(WHAT TO PRODUCE) Should a line below contain the word "COLONY", report it.

(DATA PROVIDED)
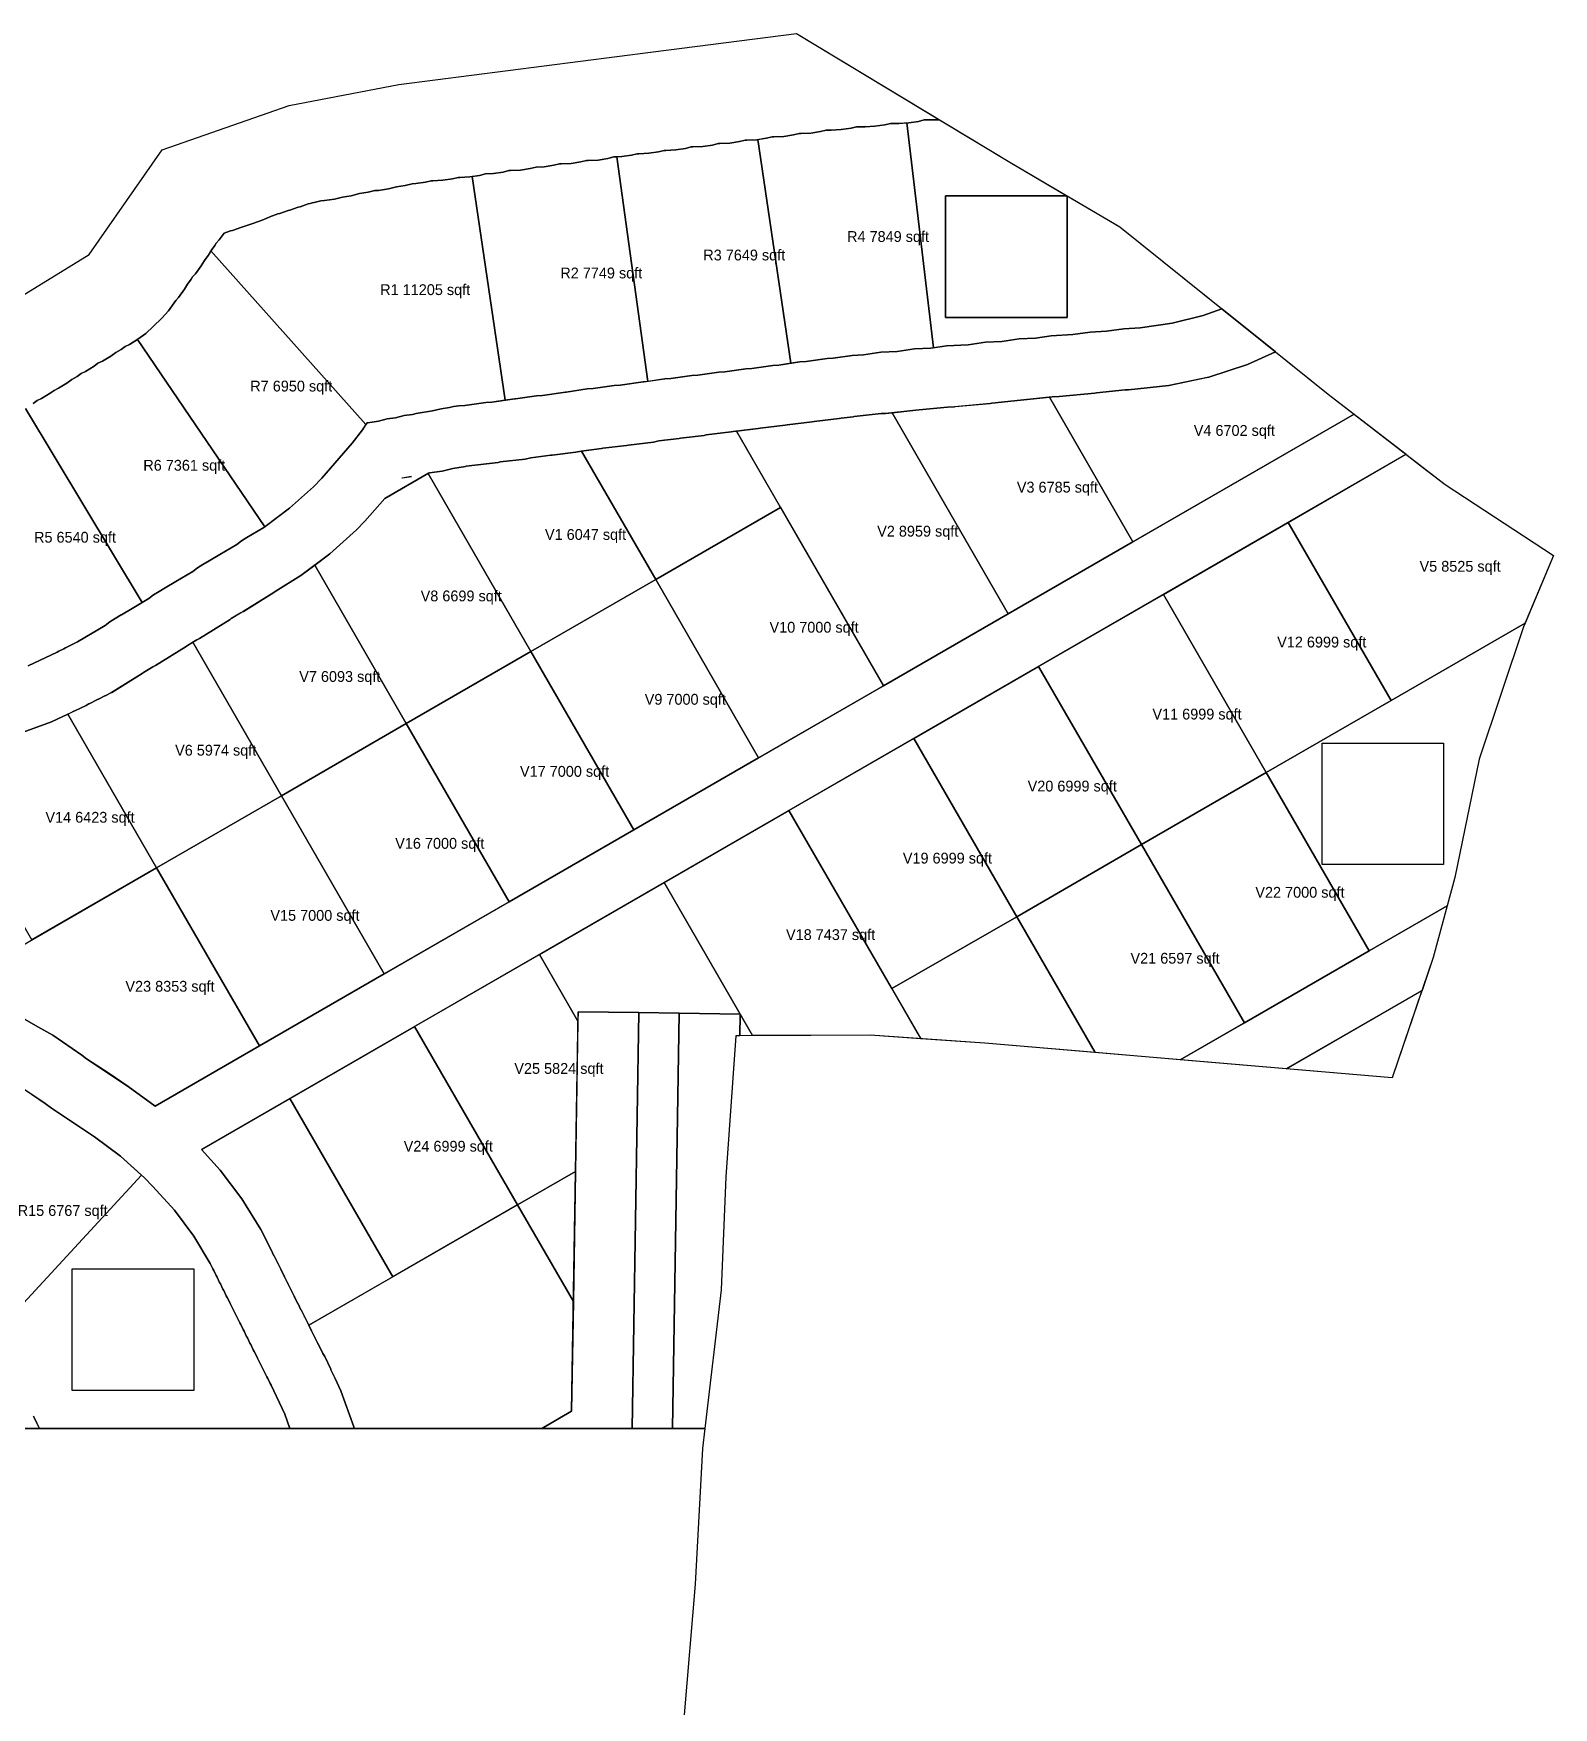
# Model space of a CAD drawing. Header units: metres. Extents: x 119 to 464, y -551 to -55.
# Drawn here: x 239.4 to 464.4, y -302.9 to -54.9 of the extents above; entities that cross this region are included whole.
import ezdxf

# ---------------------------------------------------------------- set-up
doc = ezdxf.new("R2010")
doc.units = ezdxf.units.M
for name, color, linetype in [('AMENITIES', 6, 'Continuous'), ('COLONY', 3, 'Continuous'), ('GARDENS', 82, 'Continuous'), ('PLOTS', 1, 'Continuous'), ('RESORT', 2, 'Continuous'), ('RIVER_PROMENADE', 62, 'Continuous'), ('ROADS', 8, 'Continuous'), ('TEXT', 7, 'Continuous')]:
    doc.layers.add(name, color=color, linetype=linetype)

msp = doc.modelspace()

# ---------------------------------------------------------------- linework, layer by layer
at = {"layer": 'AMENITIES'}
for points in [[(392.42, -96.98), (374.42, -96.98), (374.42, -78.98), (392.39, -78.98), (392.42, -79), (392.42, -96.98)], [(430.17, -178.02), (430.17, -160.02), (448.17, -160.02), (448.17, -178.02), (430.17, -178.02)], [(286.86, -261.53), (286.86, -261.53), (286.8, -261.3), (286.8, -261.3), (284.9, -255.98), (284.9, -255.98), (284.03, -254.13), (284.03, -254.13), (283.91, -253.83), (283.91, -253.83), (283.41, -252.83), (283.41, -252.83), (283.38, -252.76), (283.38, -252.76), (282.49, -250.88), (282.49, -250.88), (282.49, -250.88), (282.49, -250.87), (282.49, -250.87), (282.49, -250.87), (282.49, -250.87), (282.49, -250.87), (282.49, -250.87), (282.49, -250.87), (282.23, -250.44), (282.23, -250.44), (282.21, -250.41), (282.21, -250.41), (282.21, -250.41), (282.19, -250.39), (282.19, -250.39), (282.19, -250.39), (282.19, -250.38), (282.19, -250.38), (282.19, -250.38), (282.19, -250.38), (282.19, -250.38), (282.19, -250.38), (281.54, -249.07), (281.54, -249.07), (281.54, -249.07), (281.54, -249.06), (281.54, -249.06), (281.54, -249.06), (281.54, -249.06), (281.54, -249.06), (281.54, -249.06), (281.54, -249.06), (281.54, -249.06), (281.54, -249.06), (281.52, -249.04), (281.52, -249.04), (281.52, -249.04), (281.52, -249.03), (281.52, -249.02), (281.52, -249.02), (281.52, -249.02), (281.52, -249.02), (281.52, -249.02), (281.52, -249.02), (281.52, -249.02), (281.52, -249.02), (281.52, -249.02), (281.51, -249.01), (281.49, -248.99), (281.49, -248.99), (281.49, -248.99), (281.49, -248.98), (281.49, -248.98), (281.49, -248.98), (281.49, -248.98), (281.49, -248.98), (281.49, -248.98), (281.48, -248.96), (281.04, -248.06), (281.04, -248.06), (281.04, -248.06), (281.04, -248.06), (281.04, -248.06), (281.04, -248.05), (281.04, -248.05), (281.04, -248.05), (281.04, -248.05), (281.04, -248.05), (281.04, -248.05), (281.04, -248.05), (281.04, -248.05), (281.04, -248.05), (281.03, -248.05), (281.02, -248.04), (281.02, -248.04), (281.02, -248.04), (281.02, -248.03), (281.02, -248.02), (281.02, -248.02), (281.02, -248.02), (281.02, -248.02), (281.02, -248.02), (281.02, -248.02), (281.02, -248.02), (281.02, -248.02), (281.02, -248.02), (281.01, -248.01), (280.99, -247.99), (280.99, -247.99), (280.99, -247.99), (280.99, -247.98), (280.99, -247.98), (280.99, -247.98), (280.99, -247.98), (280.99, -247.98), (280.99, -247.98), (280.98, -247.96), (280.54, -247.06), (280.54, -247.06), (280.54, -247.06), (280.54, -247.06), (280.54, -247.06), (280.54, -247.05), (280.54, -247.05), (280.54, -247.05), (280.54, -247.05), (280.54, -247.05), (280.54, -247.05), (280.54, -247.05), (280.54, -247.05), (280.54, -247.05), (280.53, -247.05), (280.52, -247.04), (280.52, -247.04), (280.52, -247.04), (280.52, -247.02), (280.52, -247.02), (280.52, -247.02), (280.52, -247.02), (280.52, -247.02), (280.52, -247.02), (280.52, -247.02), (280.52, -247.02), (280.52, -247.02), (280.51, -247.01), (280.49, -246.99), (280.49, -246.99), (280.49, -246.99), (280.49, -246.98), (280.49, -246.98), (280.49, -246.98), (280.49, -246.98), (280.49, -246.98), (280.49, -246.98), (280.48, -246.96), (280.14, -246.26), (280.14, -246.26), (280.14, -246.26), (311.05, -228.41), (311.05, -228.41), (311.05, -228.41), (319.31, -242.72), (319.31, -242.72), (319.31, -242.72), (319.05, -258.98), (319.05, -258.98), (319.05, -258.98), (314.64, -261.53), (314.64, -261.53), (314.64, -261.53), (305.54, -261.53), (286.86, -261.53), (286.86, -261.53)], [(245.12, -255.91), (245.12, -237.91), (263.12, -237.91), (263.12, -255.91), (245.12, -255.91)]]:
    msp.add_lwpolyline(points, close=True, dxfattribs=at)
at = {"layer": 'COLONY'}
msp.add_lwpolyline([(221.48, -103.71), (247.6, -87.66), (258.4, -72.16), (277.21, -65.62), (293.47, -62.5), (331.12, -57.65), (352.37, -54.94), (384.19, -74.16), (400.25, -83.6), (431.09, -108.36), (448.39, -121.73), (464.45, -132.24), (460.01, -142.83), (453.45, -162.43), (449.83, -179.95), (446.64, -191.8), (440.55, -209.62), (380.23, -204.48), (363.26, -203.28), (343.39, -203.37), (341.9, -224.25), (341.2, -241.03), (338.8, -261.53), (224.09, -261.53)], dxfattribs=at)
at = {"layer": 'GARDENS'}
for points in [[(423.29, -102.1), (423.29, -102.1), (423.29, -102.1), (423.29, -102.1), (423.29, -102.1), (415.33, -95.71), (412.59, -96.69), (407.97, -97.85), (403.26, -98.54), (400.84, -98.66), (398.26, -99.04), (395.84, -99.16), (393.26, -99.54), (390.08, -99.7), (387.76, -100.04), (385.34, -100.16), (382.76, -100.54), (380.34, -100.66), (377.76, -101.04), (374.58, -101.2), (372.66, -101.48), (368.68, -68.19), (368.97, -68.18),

(ANSWER SPACE)
for name, color, linetype in [('AMENITIES', 6, 'Continuous'), ('COLONY', 3, 'Continuous'), ('GARDENS', 82, 'Continuous'), ('PLOTS', 1, 'Continuous'), ('RESORT', 2, 'Continuous'), ('RIVER_PROMENADE', 62, 'Continuous'), ('ROADS', 8, 'Continuous'), ('TEXT', 7, 'Continuous')]:
at = {"layer": 'COLONY'}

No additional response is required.